Exactly as they appear, copy the lines from the start of the entries below to the line containing "Motor Plant : TransferFcn", both ends included.

(Records drawn from a dataset)
Segment Open

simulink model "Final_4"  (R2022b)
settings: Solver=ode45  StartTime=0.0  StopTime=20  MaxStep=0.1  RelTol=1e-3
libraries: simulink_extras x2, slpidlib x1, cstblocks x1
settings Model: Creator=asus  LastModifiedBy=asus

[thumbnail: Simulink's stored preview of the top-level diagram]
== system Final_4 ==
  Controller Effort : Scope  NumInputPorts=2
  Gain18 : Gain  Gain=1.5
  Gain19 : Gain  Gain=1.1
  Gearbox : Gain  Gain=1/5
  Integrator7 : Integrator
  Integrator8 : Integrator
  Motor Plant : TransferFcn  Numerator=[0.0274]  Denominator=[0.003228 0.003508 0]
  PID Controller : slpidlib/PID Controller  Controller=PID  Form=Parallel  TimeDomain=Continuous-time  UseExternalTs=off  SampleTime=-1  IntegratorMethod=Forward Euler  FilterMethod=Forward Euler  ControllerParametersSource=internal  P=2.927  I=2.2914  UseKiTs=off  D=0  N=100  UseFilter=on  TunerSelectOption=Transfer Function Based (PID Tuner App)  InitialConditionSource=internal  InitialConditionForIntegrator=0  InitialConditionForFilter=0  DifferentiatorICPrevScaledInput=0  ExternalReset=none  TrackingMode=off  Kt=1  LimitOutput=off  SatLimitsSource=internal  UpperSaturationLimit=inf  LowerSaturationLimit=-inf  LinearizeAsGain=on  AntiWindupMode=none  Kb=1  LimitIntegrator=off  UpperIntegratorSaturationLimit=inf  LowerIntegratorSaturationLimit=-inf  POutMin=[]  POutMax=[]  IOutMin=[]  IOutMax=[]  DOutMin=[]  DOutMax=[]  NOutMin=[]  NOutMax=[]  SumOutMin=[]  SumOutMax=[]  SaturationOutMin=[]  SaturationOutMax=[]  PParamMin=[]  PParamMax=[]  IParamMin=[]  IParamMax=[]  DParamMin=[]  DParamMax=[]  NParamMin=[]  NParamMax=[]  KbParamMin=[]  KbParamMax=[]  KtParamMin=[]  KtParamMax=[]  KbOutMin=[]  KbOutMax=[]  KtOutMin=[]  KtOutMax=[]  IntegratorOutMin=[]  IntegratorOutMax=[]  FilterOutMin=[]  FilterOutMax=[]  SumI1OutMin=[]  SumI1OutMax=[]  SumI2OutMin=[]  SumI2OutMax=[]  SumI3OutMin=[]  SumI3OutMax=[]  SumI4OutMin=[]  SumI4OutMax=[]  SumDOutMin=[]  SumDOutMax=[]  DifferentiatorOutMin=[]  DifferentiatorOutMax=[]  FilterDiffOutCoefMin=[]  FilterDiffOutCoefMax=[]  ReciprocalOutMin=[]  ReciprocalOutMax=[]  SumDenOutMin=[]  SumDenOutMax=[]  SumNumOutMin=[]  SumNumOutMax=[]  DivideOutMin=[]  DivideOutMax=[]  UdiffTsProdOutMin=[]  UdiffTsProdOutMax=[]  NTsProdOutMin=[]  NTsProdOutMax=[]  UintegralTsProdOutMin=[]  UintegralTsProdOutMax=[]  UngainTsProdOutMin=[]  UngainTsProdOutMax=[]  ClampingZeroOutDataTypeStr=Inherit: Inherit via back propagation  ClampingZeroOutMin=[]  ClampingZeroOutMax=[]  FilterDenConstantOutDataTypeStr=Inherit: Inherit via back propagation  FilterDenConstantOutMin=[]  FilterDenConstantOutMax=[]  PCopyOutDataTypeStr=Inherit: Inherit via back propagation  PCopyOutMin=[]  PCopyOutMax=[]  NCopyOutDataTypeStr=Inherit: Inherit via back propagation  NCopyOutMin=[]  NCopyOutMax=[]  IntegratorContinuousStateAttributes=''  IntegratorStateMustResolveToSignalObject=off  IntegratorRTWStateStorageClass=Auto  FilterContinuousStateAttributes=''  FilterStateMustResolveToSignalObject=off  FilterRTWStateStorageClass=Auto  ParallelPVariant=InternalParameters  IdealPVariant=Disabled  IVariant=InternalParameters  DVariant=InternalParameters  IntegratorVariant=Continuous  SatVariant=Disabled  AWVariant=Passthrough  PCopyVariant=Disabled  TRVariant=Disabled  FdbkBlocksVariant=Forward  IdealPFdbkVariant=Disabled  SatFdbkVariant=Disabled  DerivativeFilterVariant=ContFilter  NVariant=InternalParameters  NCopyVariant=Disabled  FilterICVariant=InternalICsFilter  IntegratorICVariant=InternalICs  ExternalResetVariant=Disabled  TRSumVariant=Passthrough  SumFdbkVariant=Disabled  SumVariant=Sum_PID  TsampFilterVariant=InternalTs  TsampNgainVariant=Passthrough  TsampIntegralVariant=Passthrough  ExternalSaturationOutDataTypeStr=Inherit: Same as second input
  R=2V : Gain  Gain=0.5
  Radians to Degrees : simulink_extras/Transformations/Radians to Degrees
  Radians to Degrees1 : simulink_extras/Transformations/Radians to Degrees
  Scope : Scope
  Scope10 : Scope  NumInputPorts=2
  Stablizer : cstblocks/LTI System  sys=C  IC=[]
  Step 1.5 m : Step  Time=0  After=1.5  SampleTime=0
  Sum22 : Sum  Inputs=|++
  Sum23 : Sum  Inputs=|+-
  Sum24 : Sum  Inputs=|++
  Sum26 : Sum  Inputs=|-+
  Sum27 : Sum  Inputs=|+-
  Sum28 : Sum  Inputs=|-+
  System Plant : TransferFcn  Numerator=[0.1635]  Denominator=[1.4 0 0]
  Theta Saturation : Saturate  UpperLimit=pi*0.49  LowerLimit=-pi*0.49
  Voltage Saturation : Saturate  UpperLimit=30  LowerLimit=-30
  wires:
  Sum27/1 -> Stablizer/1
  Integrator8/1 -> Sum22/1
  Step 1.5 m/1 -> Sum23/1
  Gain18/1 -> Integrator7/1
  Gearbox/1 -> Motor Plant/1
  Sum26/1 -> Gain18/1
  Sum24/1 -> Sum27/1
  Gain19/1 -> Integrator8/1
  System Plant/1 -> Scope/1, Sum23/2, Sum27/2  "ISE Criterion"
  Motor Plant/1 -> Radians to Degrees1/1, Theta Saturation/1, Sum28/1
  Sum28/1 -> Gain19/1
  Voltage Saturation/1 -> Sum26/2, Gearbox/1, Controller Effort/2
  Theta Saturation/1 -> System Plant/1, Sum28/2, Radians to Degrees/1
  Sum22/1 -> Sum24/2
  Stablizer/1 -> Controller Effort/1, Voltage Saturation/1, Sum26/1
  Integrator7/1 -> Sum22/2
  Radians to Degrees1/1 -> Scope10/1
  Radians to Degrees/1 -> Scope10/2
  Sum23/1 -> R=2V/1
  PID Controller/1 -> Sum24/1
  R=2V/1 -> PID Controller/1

Segment Closed

# RESULT BELOW
simulink model "Final_4"  (R2022b)
settings: Solver=ode45  StartTime=0.0  StopTime=20  MaxStep=0.1  RelTol=1e-3
libraries: simulink_extras x2, slpidlib x1, cstblocks x1
settings Model: Creator=asus  LastModifiedBy=asus

[thumbnail: Simulink's stored preview of the top-level diagram]
== system Final_4 ==
  Controller Effort : Scope  NumInputPorts=2
  Gain18 : Gain  Gain=1.5
  Gain19 : Gain  Gain=1.1
  Gearbox : Gain  Gain=1/5
  Integrator7 : Integrator
  Integrator8 : Integrator
  Motor Plant : TransferFcn  Numerator=[0.0274]  Denominator=[0.003228 0.003508 0]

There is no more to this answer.